Rimane solo incomprensibile la scelta di non proseguire con la didattica a distanza fino a luglio, per rimediare in parte alle lacune causate dall'emergenza.
Come si riaprirà? Il punto fermo è che le dimensioni delle aule non consentono il distanziamento degli attuali allievi. Certo, si potranno trovare soluzioni intelligenti e creative per usare altri spazi: corridoi, palestre, cortili. Quasi impossibile, invece, fare in una sola estate lavori importanti sugli edifici. Rinnovare l'edilizia scolastica è necessario: ma chi ha avuto modo di provarci sa che servono risorse enormi e tempi lunghi.

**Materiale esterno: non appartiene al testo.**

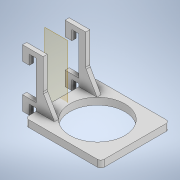
# Autodesk Inventor part: round_2_0_inchHoleV01
Saved by Autodesk Inventor 2021 (Build 250183000, 183)
## iProperties
Created: 2020-03-07
Part Number: round_2_0_inchHoleV01
Material: Generic
Document SubType Name: Modeling
Designer: robst
Density: 1 g/cm^3
Appearance: Default
Author: robst
Autodesk Inventor part; units mm, degrees
ref_plane "YZ Plane" through (0, 0, 0) normal (1, 0, 0) x (0, 1, 0)
ref_plane "XZ Plane" through (0, 0, 0) normal (0, 1, 0) x (-1, 0, 0)
sketch "Sketch1" plane through (0, 0, 0) normal (0, 0, 1) x (1, 0, 0)
  line L0 (0, 6.35) -> (0, 53.34)
  line L1 (0, 53.34) -> (-19.05, 53.34)
  line L2 (-19.05, 53.34) -> (-19.05, 55.245)
  line L3 (-12.7, 48.895) -> (-6.35, 48.895)
  line L4 (-6.35, 48.895) -> (-6.35, 13.335)
  line L5 (-6.35, 13.335) -> (-19.05, 13.335)
  line L6 (-19.05, 13.335) -> (-19.05, 12.7)
  line L7 (-12.7, 8.89) -> (-6.35, 8.89)
  line L8 (-6.35, 8.89) -> (-6.35, 0)
  line L9 (-6.35, 0) -> (0, 0)
  line L10 (-19.05, 55.245) -> (-19.05, 40.005)
  line L11 (-19.05, 40.005) -> (-12.7, 40.005)
  line L12 (-12.7, 40.005) -> (-12.7, 48.895)
  line L13 (-19.05, 12.7) -> (-19.05, 0)
  line L14 (-19.05, 0) -> (-12.7, 0)
  line L15 (-12.7, 0) -> (-12.7, 8.89)
  line L16 (0, 0) -> (0, 6.35)
  line L17 (0, 0) -> (10.16, 0)
  line L18 (10.16, 0) -> (0, 23.7508)
  point P0 (-19.05, 53.34)
  point P1 (-19.05, 11.43)
  dimension "d1" = 35.56
  dimension "d2" = 4.445
  dimension "d3" = 4.445
  dimension "d4" = 6.35
  dimension "d6" = 6.35
  dimension "d7" = 6.35
  dimension "d13" = 13.335
  dimension "d14" = 13.335
  dimension "d35" = 10.16
  dimension "d36" = 66.84
  constraints: 38 end point, 9 perpendicular, 5 point on line, 3 vertical, 1 collinear, 1 horizontal, 1 parallel
  measures "d1" distance of L3.end L4.end
  measures "d2" distance between parallel lines of L5 L7
  measures "d3" distance between parallel lines of L1 L3
  measures "d4" distance between parallel lines of L4 L0
  measures "d6" distance between parallel lines of L12 L4
  measures "d7" distance between parallel lines of L10 L12
  measures "d13" distance between parallel lines of L11 L1
  measures "d14" distance between parallel lines of L5 L14
  measures "d35" distance of L9.end L17.end
  measures "d36" angle of L18 L17
extrude "Extrusion1" add sketch "Sketch1" along normal mid plane 3.81 contours L16 L9 L8 L7 L15 L14 L13 L6 L5 L4 L3 L12 L11 L10 L1 L0
ref_plane "Work Plane1" through (0, 0, 19.685) normal (0, 0, 1) x (1, 0, 0)
mirror "Mirror1" about plane through (0, 0, 19.685) normal (0, 0, 1) of "Extrusion1"
sketch "Sketch4" plane through (0, 0, 19.685) normal (0, 0, 1) x (1, 0, 0)
  line L0 (-6.35, 8.89) -> (-6.35, 0) projected
  line L1 (-6.35, 0) -> (63.5, 0)
  line L2 (63.5, 0) -> (63.5, 6.35)
  line L3 (63.5, 6.35) -> (-6.35, 6.35)
  line L4 (-6.35, 6.35) -> (-6.35, 0)
  point P0 (0, 0)
  dimension "d23" = 69.85
  dimension "d24" = 6.35
  constraints: 8 end point, 2 parallel, 1 horizontal, 1 perpendicular
  measures "d23" distance of L3.end L2.end
  measures "d24" distance of L2.end L1.end
extrude "Extrusion4" add sketch "Sketch4" along normal mid plane 63.5
sketch "Sketch5" plane through (-6.35, 6.35, 51.435) normal (0, 1, 0) x (1, 0, 0)
  line L0 (0, 63.5) -> (69.85, 63.5) construction
  line L1 (69.85, 63.5) -> (69.85, 0) construction
  line L2 (0, 0) -> (69.85, 0) construction
  line L3 (0, 0) -> (0, 63.5) construction
  line L4 (0, 63.5) -> (69.85, 0) construction
  line L5 (69.85, 63.5) -> (0, 0) construction
  circle A0 centre (34.925, 31.75) radius 25.4
  point P0 (6.35, 51.435)
  dimension "d32" = 50.8
  constraints: 4 end point, 1 centre point, 1 midpoint
  measures "d32" diameter of A0
fillet "Fillet1" radius 3.175 4 edges at (-6.35, 3.175, 51.435) (63.5, 3.175, 51.435) (63.5, 3.175, -12.065) (-6.35, 3.175, -12.065)
extrude "Extrusion6" cut sketch "Sketch5" against normal through all
sketch "Sketch6" plane through (0, 0, 1.905) normal (0, 0, 1) x (1, 0, 0)
  line L0 (-3.175, 6.35) -> (60.325, 6.35) projected
  line L1 (10.4354, 6.35) -> (0, 6.35)
  line L2 (10.4354, 6.35) -> (1.4968, 21.8321)
  line L3 (10.4354, 6.35) -> (28.3126, 6.35) construction
  line L4 (1.4968, 21.8321) -> (0, 24.4246)
  line L5 (0, 53.34) -> (0, 6.35) projected
  line L6 (0, 24.4246) -> (0, 6.35)
  point P0 (0, 0)
  dimension "d37" = 120
  constraints: 10 end point, 4 point on line, 1 equal length, 1 horizontal, 1 perpendicular
  measures "d37" angle of L3 L2
extrude "Extrusion7" add sketch "Sketch6" against normal blind 3.81
mirror "Mirror2" about plane through (0, 0, 19.685) normal (0, 0, 1) of "Extrusion7"
fillet "Fillet2" radius 3.175 2 edges at (0, 24.4246, 39.37) (0, 24.4246, 0)
equation "\"d11\" = width"
equation "\"d15\" = oneHalfSpacing"
equation "\"width\" = 3.81"
equation "\"spacing\" = 39.37"
equation "\"oneHalfSpacing\" = 0.5 * spacing"
body "Solid1"

Di fatto, occorrerà quindi dimezzare il numero di studenti in classe, che è in media di 20-21. Come farlo? Azzolina ha scartato i turni mattina-pomeriggio. Questa opzione avrebbe richiesto migliaia di altre nuove assunzioni, oltre alle 24 mila già deliberate, come già stanno chiedendo sindacati e forze politiche. In una riorganizzazione destinata a non essere permanente, è però preferibile ricorrere al lavoro straordinario, piuttosto che immettere – in maniera inevitabilmente poco selettiva – tanti nuovi docenti.
La soluzione scelta sembra, invece, essere che una parte della classe seguirà la lezione in aula, mentre gli altri lo faranno da casa attraverso le piattaforme digitali. Anche qui naturalmente i problemi non mancano. Chi va in aula e chi sta a casa? Si dà la precedenza agli studenti privi di connessione o con difficoltà scolastiche? I docenti saranno in grado di mantenere viva l'attenzione di chi sta a casa? Di sicuro, ci sarà il problema di conciliare le due modalità di seguire la lezione. Altre ipotesi sarebbero possibili, didatticamente più innovative e flessibili. In ogni caso, i docenti dovranno provare – ed essere aiutati – a cambiare le loro pratiche, lavorando di più in squadra, per evitare di riproporre in presenza e online sempre e solo lezioni di tipo frontale.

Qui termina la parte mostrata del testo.